# franklin wireless cdu-550, what driver do I use? (solved)

## iamdar

I bought a franklin wireless cdu-550 (http://www.fklt.com/product-usb.php) and I got it to work under windows but I cant figure it out under linux. The company says its supports linux but I cant find any info on it. I enable USB modems in the kernel and emerged ppp but I dont know what /dev to use or if I even have the right driver(there doesnt seem to be linux drivers on franklin's site). anybody know what to do?

----------

## erik258

https://forums.gentoo.org/viewtopic-t-427992-highlight-evdo.html?sid=5d2390d7e2cd3e8d2dd66375741fb88d

that forum post will probably help a lot.  

there's also this "Direct from Franklin" [sic] 

http://www.evdoforums.com/thread3560.html

that looks really easy if yuou like blindly copy-pasting at the root console!  i looked it over and it seems save enough i guess.  

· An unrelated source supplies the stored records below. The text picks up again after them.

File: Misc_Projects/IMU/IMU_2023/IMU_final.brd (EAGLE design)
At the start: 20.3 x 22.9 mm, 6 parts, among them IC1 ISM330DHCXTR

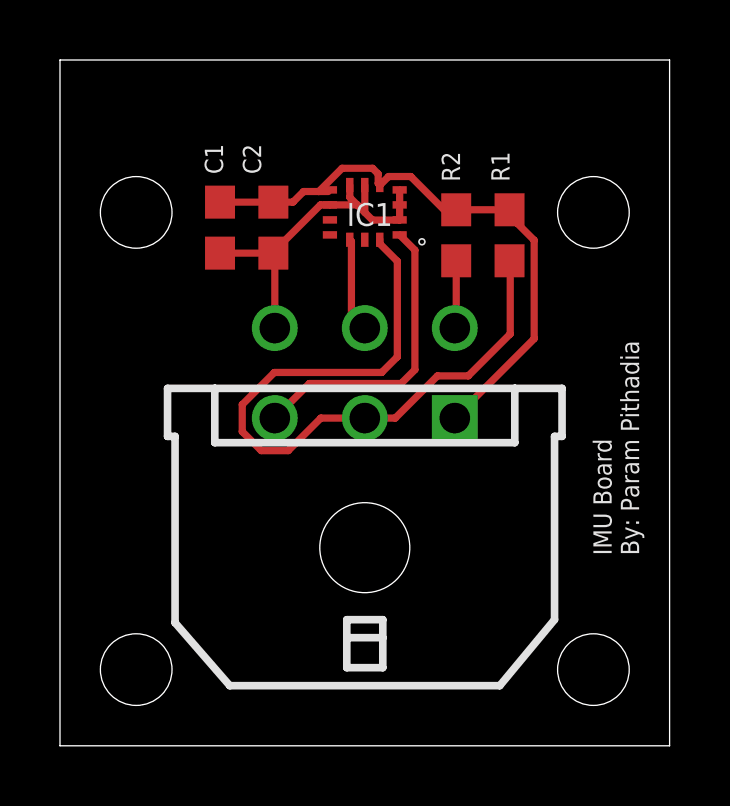
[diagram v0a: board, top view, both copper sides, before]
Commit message: Finished IMU board
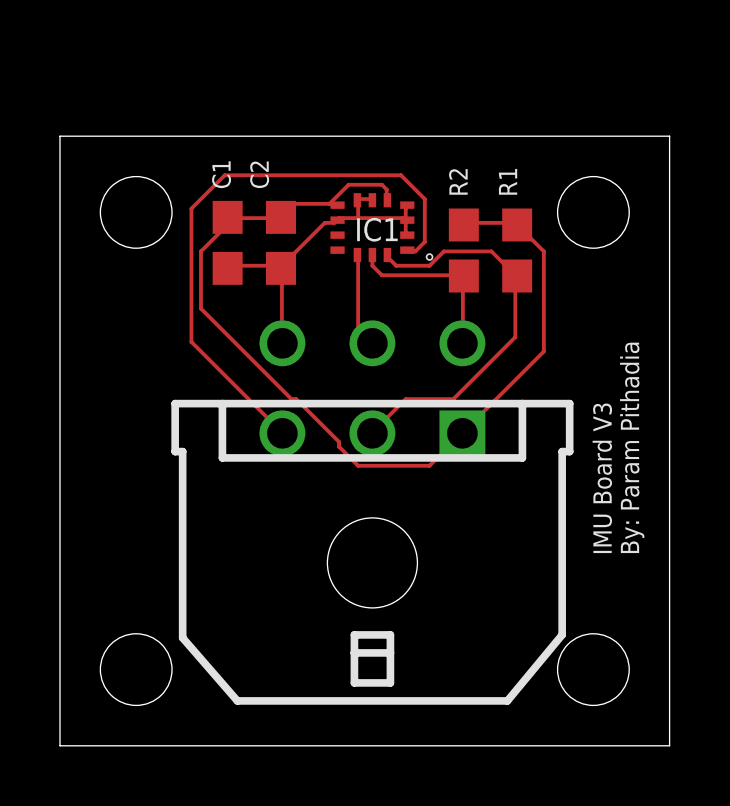
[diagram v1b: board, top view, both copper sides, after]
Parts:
- moved IC1 0.57 mm to (10.4, 17.3)
- moved X1 0.57 mm to (10.4, 6.10)
- moved C1 0.57 mm to (5.59, 16.8)
- moved C2 0.57 mm to (7.37, 16.8)
- moved R1 0.57 mm to (15.2, 16.5)
- moved R2 0.57 mm to (13.5, 16.5)
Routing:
- net 3V3: track 19.9 -> 31.6 mm
- net SDA: track 24.1 -> 13.2 mm
- net SDO: track 10.0 -> 19.5 mm
- net SCL: track 2.26 -> 5.80 mm
- net GND: track 12.1 -> 11.5 mm
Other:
- board size 20.3 x 22.9 mm -> 20.3 x 20.3 mm
- board text added: "IMU Board V3 By: Param Pithadia"
- board text removed: "IMU Board By: Param Pithadia"

good luck!! that looks like one neat device you have there.  how fast does it go?

----------

## iamdar

sorry for not replying for so long, I was having windows issues (that turned out to be my own fault) and I am busy with work(my ship gets underway in 3 weeks). 

The device works well, I get decent download speeds, much much better than dial-up but a little worse than dsl. It depends on the area and the signal strength obviously but its enough to play WoW and download stuff on the messdeck while inport. I really dont think it will work in the middle of the ocean but we will see.

I will try to screw around with it more and try and see If I can get it recognized under linux

thanks for you input, 

                                      Da'r

----------

## iamdar

ok, sorry for this taking so long, but again i have been very busy. the device works fine under windows, linux and osx. Under linux all I have to do was enable usb modem support in the kernel and dmesg after pluging the modem in, After a min dmesg informed me that the modem was assigned to /dev/ttyAMC0 and I just used kppp with the same settings windows uses (phone number #777, username sprint, no password)

----------

## erik258

sweet.       that is pretty spiffy.

----------